_REQUIREMENT_:
Extract the lines from the first one in the records below through the line containing "#2318 = DIRECTION", keeping both ends and leaving out any pictures.

(Recorded data)
---*---

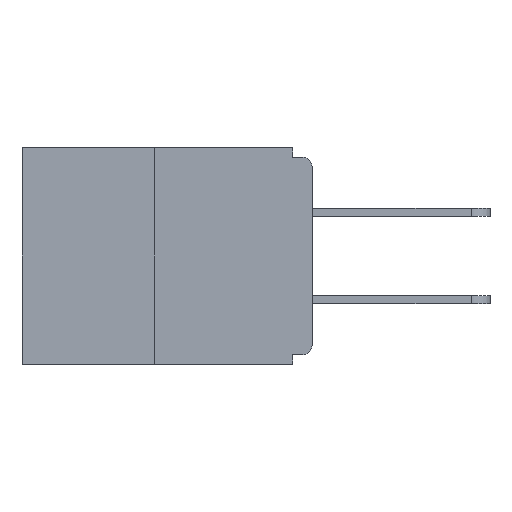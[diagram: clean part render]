
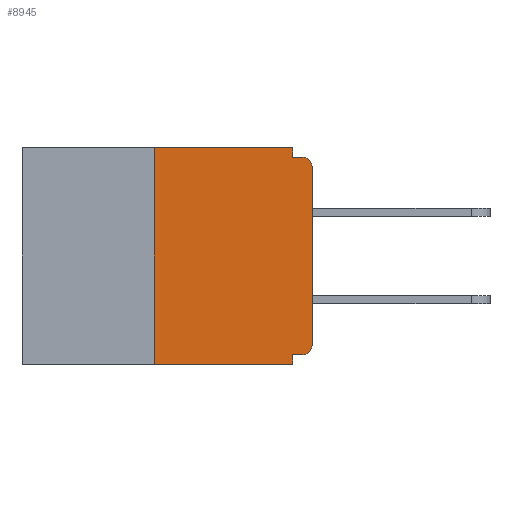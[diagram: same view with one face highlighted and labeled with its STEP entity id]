
A CAD part, left-side view. The second image highlights one B-rep face of the part: STEP entity #8945.
In plain terms, the highlighted planar face has unit normal (-1, 0, 0).
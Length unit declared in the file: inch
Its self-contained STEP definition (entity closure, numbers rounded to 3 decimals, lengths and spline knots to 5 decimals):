
#80 = EDGE_CURVE ( 'NONE', #7305, #7093, #8789, .T. ) ;
#134 = CARTESIAN_POINT ( 'NONE',  ( 0., 0.015, -0.03 ) ) ;
#435 = AXIS2_PLACEMENT_3D ( 'NONE', #11263, #11143, #11319 ) ;
#779 = CARTESIAN_POINT ( 'NONE',  ( 0., 0., 0. ) ) ;
#837 = CARTESIAN_POINT ( 'NONE',  ( 0., 0.46, 0. ) ) ;
#1573 = CARTESIAN_POINT ( 'NONE',  ( 0., 0.015, -0.328 ) ) ;
#1598 = EDGE_CURVE ( 'NONE', #6940, #7305, #1701, .T. ) ;
#1701 = LINE ( 'NONE', #779, #15998 ) ;
#1791 = CARTESIAN_POINT ( 'NONE',  ( 0., 0.015, -0.015 ) ) ;
#1920 = LINE ( 'NONE', #837, #4867 ) ;
#2318 = DIRECTION ( 'NONE',  ( 0., -1., 0. ) ) ;
#2411 = CARTESIAN_POINT ( 'NONE',  ( 0., 0.031, 0. ) ) ;
#2505 = CARTESIAN_POINT ( 'NONE',  ( 0., 0., -0.015 ) ) ;
#2519 = EDGE_CURVE ( 'NONE', #3320, #6940, #5999, .T. ) ;
#2588 = ORIENTED_EDGE ( 'NONE', *, *, #2519, .T. ) ;
#2596 = CARTESIAN_POINT ( 'NONE',  ( 0., 0.25, 0. ) ) ;
#2629 = EDGE_CURVE ( 'NONE', #8843, #9369, #18543, .T. ) ;
#3077 = ORIENTED_EDGE ( 'NONE', *, *, #12711, .F. ) ;
#3109 = CARTESIAN_POINT ( 'NONE',  ( 0., 0., -0.328 ) ) ;
#3320 = VERTEX_POINT ( 'NONE', #1573 ) ;
#3444 = VECTOR ( 'NONE', #8811, 39.37008 ) ;
#3714 = DIRECTION ( 'NONE',  ( 0., 0., 1. ) ) ;
#3731 = VECTOR ( 'NONE', #18493, 39.37008 ) ;
#3917 = CARTESIAN_POINT ( 'NONE',  ( 0., 0.25, 0. ) ) ;
#4016 = CARTESIAN_POINT ( 'NONE',  ( 0., 0.25, -0.343 ) ) ;
#4075 = DIRECTION ( 'NONE',  ( -1., 0., 0. ) ) ;
#4357 = EDGE_CURVE ( 'NONE', #17671, #8843, #1920, .T. ) ;
#4461 = EDGE_CURVE ( 'NONE', #9369, #7093, #14579, .T. ) ;
#4780 = ORIENTED_EDGE ( 'NONE', *, *, #2629, .F. ) ;
#4845 = DIRECTION ( 'NONE',  ( 0., 0., -1. ) ) ;
#4867 = VECTOR ( 'NONE', #13878, 39.37008 ) ;
#5056 = CARTESIAN_POINT ( 'NONE',  ( 0., 0.031, -0.343 ) ) ;
#5206 = ORIENTED_EDGE ( 'NONE', *, *, #4461, .F. ) ;
#5580 = CARTESIAN_POINT ( 'NONE',  ( 0., 0.031, -0.328 ) ) ;
#5725 = EDGE_CURVE ( 'NONE', #3320, #6155, #15449, .T. ) ;
#5993 = ORIENTED_EDGE ( 'NONE', *, *, #80, .T. ) ;
#5999 = CIRCLE ( 'NONE', #17521, 0.015 ) ;
#6155 = VERTEX_POINT ( 'NONE', #5580 ) ;
#6503 = DIRECTION ( 'NONE',  ( 0., 0., -1. ) ) ;
#6940 = VERTEX_POINT ( 'NONE', #9894 ) ;
#7093 = VERTEX_POINT ( 'NONE', #1791 ) ;
#7305 = VERTEX_POINT ( 'NONE', #10823 ) ;
#7319 = DIRECTION ( 'NONE',  ( -1., 0., 0. ) ) ;
#7440 = LINE ( 'NONE', #14131, #10360 ) ;
#8630 = CARTESIAN_POINT ( 'NONE',  ( 0., 0.031, 0. ) ) ;
#8789 = CIRCLE ( 'NONE', #13811, 0.015 ) ;
#8811 = DIRECTION ( 'NONE',  ( 0., 1., 0. ) ) ;
#8843 = VERTEX_POINT ( 'NONE', #2411 ) ;
#8945 = ADVANCED_FACE ( 'NONE', ( #15186 ), #12841, .F. ) ;
#9369 = VERTEX_POINT ( 'NONE', #15492 ) ;
#9894 = CARTESIAN_POINT ( 'NONE',  ( 0., 0., -0.313 ) ) ;
#10360 = VECTOR ( 'NONE', #2318, 39.37008 ) ;
#10462 = EDGE_CURVE ( 'NONE', #6155, #12102, #16995, .T. ) ;
#10735 = VECTOR ( 'NONE', #14201, 39.37008 ) ;
#10804 = VECTOR ( 'NONE', #14377, 39.37008 ) ;
#10823 = CARTESIAN_POINT ( 'NONE',  ( 0., 0., -0.03 ) ) ;
#10976 = LINE ( 'NONE', #3917, #3731 ) ;
#11143 = DIRECTION ( 'NONE',  ( 1., 0., 0. ) ) ;
#11244 = ORIENTED_EDGE ( 'NONE', *, *, #4357, .F. ) ;
#11263 = CARTESIAN_POINT ( 'NONE',  ( 0., 0.46, 0. ) ) ;
#11319 = DIRECTION ( 'NONE',  ( 0., 0., -1. ) ) ;
#11686 = VERTEX_POINT ( 'NONE', #4016 ) ;
#12102 = VERTEX_POINT ( 'NONE', #12669 ) ;
#12669 = CARTESIAN_POINT ( 'NONE',  ( 0., 0.031, -0.343 ) ) ;
#12711 = EDGE_CURVE ( 'NONE', #11686, #17671, #10976, .T. ) ;
#12841 = PLANE ( 'NONE',  #435 ) ;
#13811 = AXIS2_PLACEMENT_3D ( 'NONE', #134, #7319, #4845 ) ;
#13878 = DIRECTION ( 'NONE',  ( 0., -1., 0. ) ) ;
#14013 = ORIENTED_EDGE ( 'NONE', *, *, #10462, .F. ) ;
#14063 = DIRECTION ( 'NONE',  ( 0., 0., -1. ) ) ;
#14127 = CARTESIAN_POINT ( 'NONE',  ( 0., 0.015, -0.313 ) ) ;
#14131 = CARTESIAN_POINT ( 'NONE',  ( 0., 0.46, -0.343 ) ) ;
#14201 = DIRECTION ( 'NONE',  ( 0., -1., 0. ) ) ;
#14377 = DIRECTION ( 'NONE',  ( 0., 0., -1. ) ) ;
#14579 = LINE ( 'NONE', #2505, #10735 ) ;
#14691 = ORIENTED_EDGE ( 'NONE', *, *, #18734, .T. ) ;
#15186 = FACE_OUTER_BOUND ( 'NONE', #17613, .T. ) ;
#15449 = LINE ( 'NONE', #3109, #3444 ) ;
#15492 = CARTESIAN_POINT ( 'NONE',  ( 0., 0.031, -0.015 ) ) ;
#15814 = ORIENTED_EDGE ( 'NONE', *, *, #5725, .F. ) ;
#15998 = VECTOR ( 'NONE', #3714, 39.37008 ) ;
#16302 = VECTOR ( 'NONE', #6503, 39.37008 ) ;
#16995 = LINE ( 'NONE', #5056, #16302 ) ;
#17260 = ORIENTED_EDGE ( 'NONE', *, *, #1598, .T. ) ;
#17521 = AXIS2_PLACEMENT_3D ( 'NONE', #14127, #4075, #14063 ) ;
#17613 = EDGE_LOOP ( 'NONE', ( #11244, #3077, #14691, #14013, #15814, #2588, #17260, #5993, #5206, #4780 ) ) ;
#17671 = VERTEX_POINT ( 'NONE', #2596 ) ;
#18493 = DIRECTION ( 'NONE',  ( 0., 0., 1. ) ) ;
#18543 = LINE ( 'NONE', #8630, #10804 ) ;
#18734 = EDGE_CURVE ( 'NONE', #11686, #12102, #7440, .T. ) ;
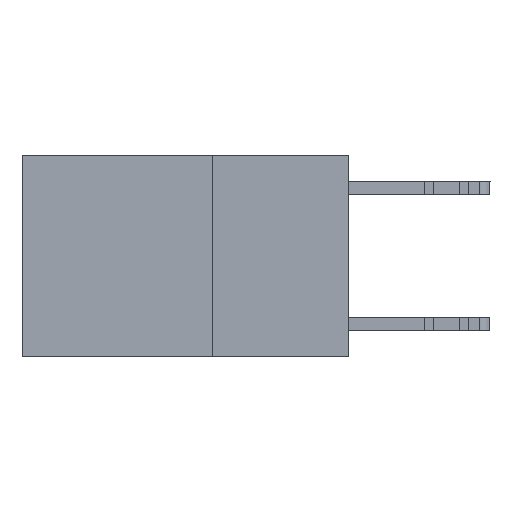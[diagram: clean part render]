
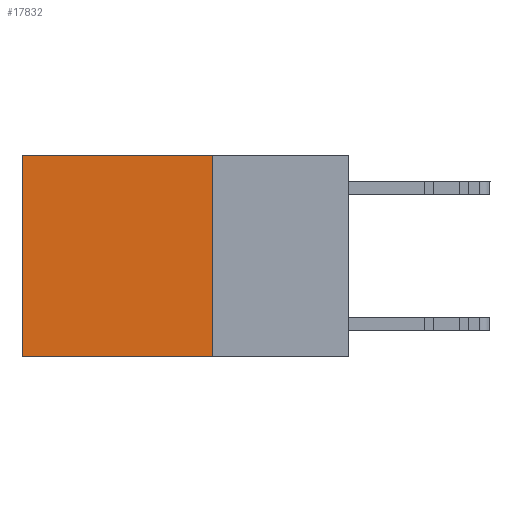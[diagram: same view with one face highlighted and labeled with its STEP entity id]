
A CAD part, left-side view. The second image highlights one B-rep face of the part: STEP entity #17832.
In plain terms, the highlighted planar face has unit normal (-1, 0, 0).
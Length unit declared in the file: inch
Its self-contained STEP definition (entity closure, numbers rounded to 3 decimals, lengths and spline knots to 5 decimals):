
#2337 = ORIENTED_EDGE ( 'NONE', *, *, #2772, .T. ) ;
#2772 = EDGE_CURVE ( 'NONE', #9838, #30599, #30092, .T. ) ;
#3090 = CARTESIAN_POINT ( 'NONE',  ( 0.2625, 0.6, 0. ) ) ;
#4868 = VERTEX_POINT ( 'NONE', #27094 ) ;
#5127 = CARTESIAN_POINT ( 'NONE',  ( 0.2625, 0.25, 0. ) ) ;
#6406 = CARTESIAN_POINT ( 'NONE',  ( 0.2625, 0.6, 0. ) ) ;
#7605 = DIRECTION ( 'NONE',  ( 1., 0., 0. ) ) ;
#7611 = DIRECTION ( 'NONE',  ( 0., 0., -1. ) ) ;
#8764 = CARTESIAN_POINT ( 'NONE',  ( 0.2625, 0.6, -0.37 ) ) ;
#9199 = ORIENTED_EDGE ( 'NONE', *, *, #26032, .F. ) ;
#9204 = AXIS2_PLACEMENT_3D ( 'NONE', #5127, #7605, #16884 ) ;
#9838 = VERTEX_POINT ( 'NONE', #23776 ) ;
#11072 = LINE ( 'NONE', #13089, #11375 ) ;
#11375 = VECTOR ( 'NONE', #22584, 39.37008 ) ;
#12697 = LINE ( 'NONE', #3090, #22163 ) ;
#13089 = CARTESIAN_POINT ( 'NONE',  ( 0.2625, 0.25, 0. ) ) ;
#15023 = EDGE_LOOP ( 'NONE', ( #17566, #15980, #9199, #2337 ) ) ;
#15962 = CARTESIAN_POINT ( 'NONE',  ( 0.2625, 0.25, 0. ) ) ;
#15980 = ORIENTED_EDGE ( 'NONE', *, *, #30410, .F. ) ;
#16611 = VERTEX_POINT ( 'NONE', #8764 ) ;
#16884 = DIRECTION ( 'NONE',  ( 0., 0., -1. ) ) ;
#17566 = ORIENTED_EDGE ( 'NONE', *, *, #19135, .T. ) ;
#17832 = ADVANCED_FACE ( 'NONE', ( #28696 ), #22041, .F. ) ;
#19135 = EDGE_CURVE ( 'NONE', #30599, #16611, #12697, .T. ) ;
#20065 = VECTOR ( 'NONE', #27917, 39.37008 ) ;
#20913 = CARTESIAN_POINT ( 'NONE',  ( 0.2625, 0.25, -0.37 ) ) ;
#22041 = PLANE ( 'NONE',  #9204 ) ;
#22163 = VECTOR ( 'NONE', #7611, 39.37008 ) ;
#22584 = DIRECTION ( 'NONE',  ( 0., 0., -1. ) ) ;
#23550 = LINE ( 'NONE', #20913, #27903 ) ;
#23776 = CARTESIAN_POINT ( 'NONE',  ( 0.2625, 0.25, 0. ) ) ;
#26032 = EDGE_CURVE ( 'NONE', #9838, #4868, #11072, .T. ) ;
#27094 = CARTESIAN_POINT ( 'NONE',  ( 0.2625, 0.25, -0.37 ) ) ;
#27903 = VECTOR ( 'NONE', #30353, 39.37008 ) ;
#27917 = DIRECTION ( 'NONE',  ( 0., 1., 0. ) ) ;
#28696 = FACE_OUTER_BOUND ( 'NONE', #15023, .T. ) ;
#30092 = LINE ( 'NONE', #15962, #20065 ) ;
#30353 = DIRECTION ( 'NONE',  ( 0., 1., 0. ) ) ;
#30410 = EDGE_CURVE ( 'NONE', #4868, #16611, #23550, .T. ) ;
#30599 = VERTEX_POINT ( 'NONE', #6406 ) ;

---*---

_ANSWER SECTION_:
[diagram: clean part render]
[diagram: same view with one face highlighted and labeled with its STEP entity id]
A CAD part, left-side view. The second image highlights one B-rep face of the part: STEP entity #8945.
In plain terms, the highlighted planar face has unit normal (-1, 0, 0).
Length unit declared in the file: inch
Its self-contained STEP definition (entity closure, numbers rounded to 3 decimals, lengths and spline knots to 5 decimals):
#80 = EDGE_CURVE ( 'NONE', #7305, #7093, #8789, .T. ) ;
#134 = CARTESIAN_POINT ( 'NONE',  ( 0., 0.015, -0.03 ) ) ;
#435 = AXIS2_PLACEMENT_3D ( 'NONE', #11263, #11143, #11319 ) ;
#779 = CARTESIAN_POINT ( 'NONE',  ( 0., 0., 0. ) ) ;
#837 = CARTESIAN_POINT ( 'NONE',  ( 0., 0.46, 0. ) ) ;
#1573 = CARTESIAN_POINT ( 'NONE',  ( 0., 0.015, -0.328 ) ) ;
#1598 = EDGE_CURVE ( 'NONE', #6940, #7305, #1701, .T. ) ;
#1701 = LINE ( 'NONE', #779, #15998 ) ;
#1791 = CARTESIAN_POINT ( 'NONE',  ( 0., 0.015, -0.015 ) ) ;
#1920 = LINE ( 'NONE', #837, #4867 ) ;
#2318 = DIRECTION ( 'NONE',  ( 0., -1., 0. ) ) ;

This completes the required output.